Of all the lines in the records below, copy only those that contain the string "linetype".

[Entries taken from a collection]
○ ○ ○ ○ ○ ○ ○

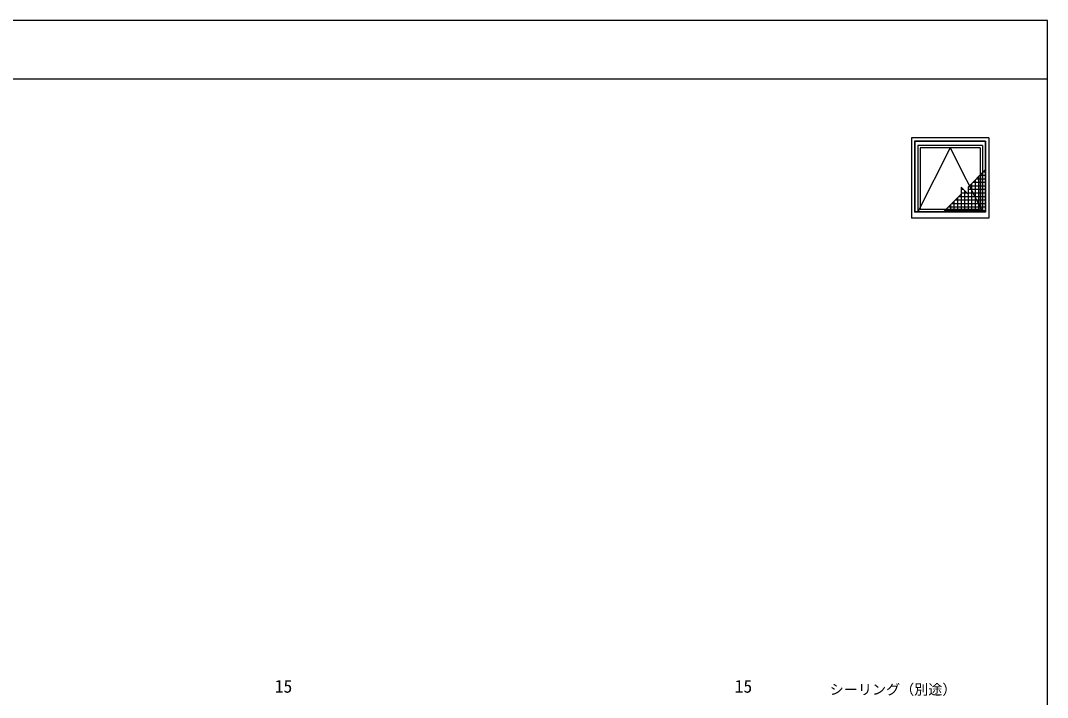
# Model space of a CAD drawing. Units: millimetres, scale not verified. Extents: x -437 to 438, y -344 to 341.
# Drawn here: x 0.6 to 438.2, y 17.8 to 306.2 of the extents above; entities that cross this region are included whole.
import ezdxf
from ezdxf.enums import TextEntityAlignment as Align

# ---------------------------------------------------------------- set-up
doc = ezdxf.new("R2010")
doc.units = ezdxf.units.MM
doc.header["$LTSCALE"] = 2
for name, color, linetype in [('0-5_YKK_A1', 4, 'Continuous'), ('0-6_YKK_D', 6, 'Continuous'), ('0-7_YKK_ZWAK', 7, 'Continuous')]:
    doc.layers.add(name, color=color, linetype=linetype)
doc.styles.add('ＭＳ ゴシック', font='')
doc.styles.get('ＭＳ ゴシック').set_extended_font_data('MS Gothic')

msp = doc.modelspace()

# ---------------------------------------------------------------- linework, layer by layer
at = {"layer": '0-5_YKK_A1'}
for p, q in [((380.2, 256.2), (380.2, 221.95)), ((413.2, 256.2), (380.2, 256.2)), ((381.55, 254.85), (381.55, 224.55)), ((411.85, 254.85), (381.55, 254.85)), ((381.7, 254.7), (381.7, 224.7)), ((411.7, 254.7), (381.7, 254.7)), ((411.7, 254.7), (411.7, 224.7)), ((411.85, 254.85), (411.85, 224.55)), ((413.2, 256.2), (413.2, 221.95)), ((382.95, 252.95), (382.95, 224.7)), ((410.45, 252.95), (382.95, 252.95)), ((396.7, 252), (382.95, 224.7)), ((383.9, 252), (383.9, 225.65)), ((409.5, 252), (383.9, 252)), ((396.7, 252), (410.45, 224.7)), ((409.5, 252), (409.5, 225.65)), ((410.45, 252.95), (410.45, 224.7)), ((404.375, 235.207), (411.85, 242.682)), ((410.375, 241.207), (410.375, 224.55)), ((410.968, 241.8), (411.85, 241.8)), ((405.875, 236.707), (405.875, 224.55)), ((406.468, 237.3), (411.85, 237.3)), ((407.375, 238.207), (407.375, 224.55)), ((407.968, 238.8), (411.85, 238.8)), ((408.875, 239.707), (408.875, 224.55)), ((409.468, 240.3), (411.85, 240.3)), ((393.718, 224.55), (401.375, 232.207)), ((401.375, 235.207), (401.375, 224.55)), ((401.375, 235.207), (404.375, 232.207)), ((401.375, 234.3), (402.282, 234.3)), ((401.375, 232.8), (403.782, 232.8)), ((402.875, 233.707), (402.875, 224.55)), ((404.375, 235.207), (404.375, 224.55)), ((404.375, 234.3), (411.85, 234.3)), ((404.375, 234.3), (411.85, 234.3)), ((404.375, 232.8), (411.85, 232.8)), ((404.968, 235.8), (411.85, 235.8)), ((396.875, 227.707), (396.875, 224.55)), ((397.468, 228.3), (411.85, 228.3)), ((398.375, 229.207), (398.375, 224.55)), ((398.968, 229.8), (411.85, 229.8)), ((399.875, 230.707), (399.875, 224.55)), ((400.468, 231.3), (411.85, 231.3)), ((411.85, 224.55), (381.55, 224.55)), ((411.7, 224.7), (381.7, 224.7)), ((409.5, 225.65), (383.9, 225.65)), ((394.468, 225.3), (411.85, 225.3)), ((395.375, 226.207), (395.375, 224.55)), ((395.968, 226.8), (411.85, 226.8)), ((401.375, 226.8), (411.85, 226.8)), ((413.2, 221.95), (380.2, 221.95))]:
    msp.add_line(p, q, dxfattribs=at)
at = {"layer": '0-7_YKK_ZWAK'}
for p, q in [((438.2, 306.2), (-436.8, 306.2)), ((438.2, 281.2), (-436.8, 281.2))]:
    msp.add_line(p, q, dxfattribs=at)
msp.add_lwpolyline([(-436.8, -343.8), (438.2, -343.8), (438.2, 306.2)], dxfattribs=at)

# ---------------------------------------------------------------- texts
at = {"layer": '0-6_YKK_D', "style": 'ＭＳ ゴシック'}
for s, height, p in [('15', 5.499, (108.931, 18.196)), ('15', 5.499, (304.914, 18.196)), ('シーリング（別途）', 4.399, (345.427, 17.709))]:
    msp.add_text(s, height=height, dxfattribs=at).set_placement(p, align=Align.BOTTOM_LEFT)

doc.saveas('drawing.dxf')

○ ○ ○ ○ ○ ○ ○

* Response area *
for name, color, linetype in [('0-5_YKK_A1', 4, 'Continuous'), ('0-6_YKK_D', 6, 'Continuous'), ('0-7_YKK_ZWAK', 7, 'Continuous')]:
    doc.layers.add(name, color=color, linetype=linetype)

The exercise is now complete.